Various package designs have been tried to alleviate this problem but most have had only modest in-use success. For absorbent articles in particular, the articles are designed for various age groups. For example, diapers designed for infants and young children normally require a parent or caregiver to remove the article from the package while at the same time restraining the infant or child. This means that sometimes the parent or caregiver has only one hand available to remove a diaper from the package. As for older adults using incontinent pads and undergarments, many suffer from arthritis in their hands and/or poor eyesight and it may be difficult for them to extract a single article from a highly compressed package.
Now a package has been developed that utilizes a unique design that allows the package and articles retained therein to be compressed while providing an easy to use opening mechanism. The package also includes an expansion member which permits individual removal of the articles from the opened package while retaining the remaining articles in their initial orientation.
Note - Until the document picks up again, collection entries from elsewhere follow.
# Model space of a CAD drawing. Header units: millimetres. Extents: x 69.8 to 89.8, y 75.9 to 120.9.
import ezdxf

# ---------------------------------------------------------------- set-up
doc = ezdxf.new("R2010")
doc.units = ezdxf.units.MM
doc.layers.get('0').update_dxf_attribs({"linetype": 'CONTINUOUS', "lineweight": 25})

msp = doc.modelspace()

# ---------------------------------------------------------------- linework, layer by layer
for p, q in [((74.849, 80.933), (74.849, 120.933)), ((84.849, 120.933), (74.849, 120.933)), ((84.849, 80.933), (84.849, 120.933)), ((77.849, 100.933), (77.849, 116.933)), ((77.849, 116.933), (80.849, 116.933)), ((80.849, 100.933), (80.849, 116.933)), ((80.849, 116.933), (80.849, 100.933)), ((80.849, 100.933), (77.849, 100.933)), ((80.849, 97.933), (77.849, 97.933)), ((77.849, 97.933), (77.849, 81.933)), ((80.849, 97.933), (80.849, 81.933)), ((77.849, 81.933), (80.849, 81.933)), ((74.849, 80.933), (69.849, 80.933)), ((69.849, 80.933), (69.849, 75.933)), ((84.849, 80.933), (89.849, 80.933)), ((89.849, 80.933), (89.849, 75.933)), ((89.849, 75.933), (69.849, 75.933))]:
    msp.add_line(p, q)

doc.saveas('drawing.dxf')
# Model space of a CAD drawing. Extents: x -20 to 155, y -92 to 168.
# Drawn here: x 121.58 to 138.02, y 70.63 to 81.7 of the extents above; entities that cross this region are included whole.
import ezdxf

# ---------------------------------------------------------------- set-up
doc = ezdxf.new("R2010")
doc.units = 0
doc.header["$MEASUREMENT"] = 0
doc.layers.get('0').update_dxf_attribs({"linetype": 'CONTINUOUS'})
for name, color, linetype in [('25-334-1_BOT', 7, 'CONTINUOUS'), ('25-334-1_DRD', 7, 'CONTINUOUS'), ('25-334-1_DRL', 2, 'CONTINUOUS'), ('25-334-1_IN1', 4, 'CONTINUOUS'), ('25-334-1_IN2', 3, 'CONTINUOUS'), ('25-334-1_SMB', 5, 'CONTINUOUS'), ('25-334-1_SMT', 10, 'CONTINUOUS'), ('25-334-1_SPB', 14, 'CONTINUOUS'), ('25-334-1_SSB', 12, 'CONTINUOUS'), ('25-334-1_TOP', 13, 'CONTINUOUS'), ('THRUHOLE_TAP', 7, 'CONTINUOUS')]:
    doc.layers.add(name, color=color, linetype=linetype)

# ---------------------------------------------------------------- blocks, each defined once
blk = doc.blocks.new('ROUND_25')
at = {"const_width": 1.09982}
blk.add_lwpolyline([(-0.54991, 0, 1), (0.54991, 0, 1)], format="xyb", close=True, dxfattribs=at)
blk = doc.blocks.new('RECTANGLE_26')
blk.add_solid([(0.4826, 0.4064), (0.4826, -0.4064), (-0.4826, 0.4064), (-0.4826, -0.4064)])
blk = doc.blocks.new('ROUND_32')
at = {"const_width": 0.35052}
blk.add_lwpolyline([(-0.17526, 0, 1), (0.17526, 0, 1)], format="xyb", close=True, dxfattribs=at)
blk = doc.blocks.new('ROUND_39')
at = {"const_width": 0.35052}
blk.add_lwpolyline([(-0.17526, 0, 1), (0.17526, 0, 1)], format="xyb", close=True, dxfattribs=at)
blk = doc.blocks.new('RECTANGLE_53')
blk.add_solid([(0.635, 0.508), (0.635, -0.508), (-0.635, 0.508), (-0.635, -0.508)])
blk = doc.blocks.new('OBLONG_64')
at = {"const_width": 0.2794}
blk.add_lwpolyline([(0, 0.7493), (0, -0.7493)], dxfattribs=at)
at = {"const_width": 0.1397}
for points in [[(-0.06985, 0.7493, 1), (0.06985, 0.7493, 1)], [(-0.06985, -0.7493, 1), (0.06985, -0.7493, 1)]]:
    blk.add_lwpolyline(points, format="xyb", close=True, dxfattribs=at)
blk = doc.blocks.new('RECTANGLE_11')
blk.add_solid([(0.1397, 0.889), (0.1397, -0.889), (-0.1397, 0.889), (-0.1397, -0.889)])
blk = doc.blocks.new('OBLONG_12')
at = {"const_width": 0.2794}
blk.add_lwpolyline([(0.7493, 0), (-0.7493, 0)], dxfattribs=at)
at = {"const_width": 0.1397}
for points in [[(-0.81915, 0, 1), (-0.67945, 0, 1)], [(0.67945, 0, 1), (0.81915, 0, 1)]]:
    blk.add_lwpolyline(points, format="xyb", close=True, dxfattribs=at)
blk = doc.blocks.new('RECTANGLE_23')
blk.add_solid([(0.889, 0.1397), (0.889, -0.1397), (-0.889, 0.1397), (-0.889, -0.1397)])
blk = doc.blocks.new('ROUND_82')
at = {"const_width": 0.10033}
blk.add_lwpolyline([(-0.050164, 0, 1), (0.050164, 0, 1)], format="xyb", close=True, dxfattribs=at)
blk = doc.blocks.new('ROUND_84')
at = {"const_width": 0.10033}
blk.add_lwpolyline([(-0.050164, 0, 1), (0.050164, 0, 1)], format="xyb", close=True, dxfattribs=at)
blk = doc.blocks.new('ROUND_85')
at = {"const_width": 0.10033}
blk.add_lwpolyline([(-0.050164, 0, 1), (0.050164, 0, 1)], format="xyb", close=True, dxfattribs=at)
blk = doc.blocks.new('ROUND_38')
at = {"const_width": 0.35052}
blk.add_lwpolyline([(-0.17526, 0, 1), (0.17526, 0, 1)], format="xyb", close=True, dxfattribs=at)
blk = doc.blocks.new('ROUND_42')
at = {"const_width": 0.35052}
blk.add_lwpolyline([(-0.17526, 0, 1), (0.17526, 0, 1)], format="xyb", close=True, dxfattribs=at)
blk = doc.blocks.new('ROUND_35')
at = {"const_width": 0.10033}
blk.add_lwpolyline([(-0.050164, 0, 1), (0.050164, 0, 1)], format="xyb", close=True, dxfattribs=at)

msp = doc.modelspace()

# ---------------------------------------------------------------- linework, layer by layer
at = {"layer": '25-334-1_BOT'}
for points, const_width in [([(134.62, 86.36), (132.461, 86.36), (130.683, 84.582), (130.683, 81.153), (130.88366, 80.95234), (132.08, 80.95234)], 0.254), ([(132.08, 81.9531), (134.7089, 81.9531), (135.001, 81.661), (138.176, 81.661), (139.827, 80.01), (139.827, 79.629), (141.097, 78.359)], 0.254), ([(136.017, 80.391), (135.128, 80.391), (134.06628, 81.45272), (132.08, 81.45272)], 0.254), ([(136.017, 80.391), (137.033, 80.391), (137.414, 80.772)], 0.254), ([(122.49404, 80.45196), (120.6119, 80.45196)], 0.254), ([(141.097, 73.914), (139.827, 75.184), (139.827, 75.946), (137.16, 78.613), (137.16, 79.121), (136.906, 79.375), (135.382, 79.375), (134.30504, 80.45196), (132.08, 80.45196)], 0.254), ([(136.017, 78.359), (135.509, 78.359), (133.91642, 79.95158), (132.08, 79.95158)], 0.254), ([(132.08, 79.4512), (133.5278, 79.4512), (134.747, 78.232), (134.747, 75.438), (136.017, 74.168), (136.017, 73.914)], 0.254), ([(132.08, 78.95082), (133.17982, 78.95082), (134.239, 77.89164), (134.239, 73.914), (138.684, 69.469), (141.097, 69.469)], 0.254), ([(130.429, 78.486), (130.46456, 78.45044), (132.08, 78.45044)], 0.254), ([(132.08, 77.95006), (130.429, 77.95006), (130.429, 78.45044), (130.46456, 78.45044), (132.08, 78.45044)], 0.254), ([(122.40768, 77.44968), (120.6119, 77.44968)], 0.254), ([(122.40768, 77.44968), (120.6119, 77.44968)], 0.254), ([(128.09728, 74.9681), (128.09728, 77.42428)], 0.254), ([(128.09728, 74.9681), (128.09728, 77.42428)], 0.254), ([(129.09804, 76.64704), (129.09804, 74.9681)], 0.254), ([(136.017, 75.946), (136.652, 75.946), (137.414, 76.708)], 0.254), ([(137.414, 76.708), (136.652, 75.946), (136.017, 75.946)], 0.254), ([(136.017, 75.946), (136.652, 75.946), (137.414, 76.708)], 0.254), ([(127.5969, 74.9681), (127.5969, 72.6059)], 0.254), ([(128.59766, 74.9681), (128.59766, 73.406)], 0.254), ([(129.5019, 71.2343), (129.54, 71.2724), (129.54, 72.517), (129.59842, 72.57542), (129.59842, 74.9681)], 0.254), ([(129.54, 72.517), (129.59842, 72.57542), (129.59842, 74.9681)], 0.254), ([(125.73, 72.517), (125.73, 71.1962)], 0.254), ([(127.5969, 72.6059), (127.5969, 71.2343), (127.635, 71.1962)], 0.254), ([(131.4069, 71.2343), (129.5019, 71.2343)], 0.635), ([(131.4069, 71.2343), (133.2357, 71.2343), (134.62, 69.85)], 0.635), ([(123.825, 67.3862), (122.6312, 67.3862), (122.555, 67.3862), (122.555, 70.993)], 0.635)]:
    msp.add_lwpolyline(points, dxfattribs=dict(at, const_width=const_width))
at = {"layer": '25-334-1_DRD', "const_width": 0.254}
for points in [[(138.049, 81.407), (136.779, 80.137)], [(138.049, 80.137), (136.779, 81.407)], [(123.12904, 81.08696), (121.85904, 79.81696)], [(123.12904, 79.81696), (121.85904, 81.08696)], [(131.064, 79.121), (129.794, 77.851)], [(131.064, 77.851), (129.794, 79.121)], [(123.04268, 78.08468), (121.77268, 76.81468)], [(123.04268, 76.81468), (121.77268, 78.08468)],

Briefly, this invention relates to a package having an enclosed compartment with a pair of oppositely aligned walls and a perimeter. An array of compressible articles is retained in the enclosed compartment in an initial orientation. Each of the articles has at least one planar surface aligned substantially parallel to at least one of the pair of oppositely aligned walls and is held in compression in a direction that is substantially perpendicular to the planar surface. The package also includes an opening mechanism capable of being activated to provide an opening into the enclosed compartment. The opening is of sufficient size to allow the articles to be individually removed. The package further includes an expansion member secured to the enclosed compartment and capable of expanding outward through the opening. The expansion member permits removal of the articles from the opened package while retaining the remaining articles in their initial orientation.
It should be noted that the package 10 is capable of holding and enclosing multiple articles 12 and the number, size and shape of such articles 12 can vary. Since the act of compressing a package and its contents will reduce the overall dimensions of the finished package 10, and maybe the articles 12 contained therein, it is envisioned that a compressed package can house up to several hundred articles. Typically, a compressed package can store from between 1 to about 1,000 articles. Desirably, a compressed package of disposable absorbent articles will contain from between 3 to about 150 articles. More desirably, a compressed package of disposable absorbent articles 12 will contain from between 6 to about 50 articles. Most desirably, a compressed package of disposable absorbent articles 12 will contain at least 12 articles.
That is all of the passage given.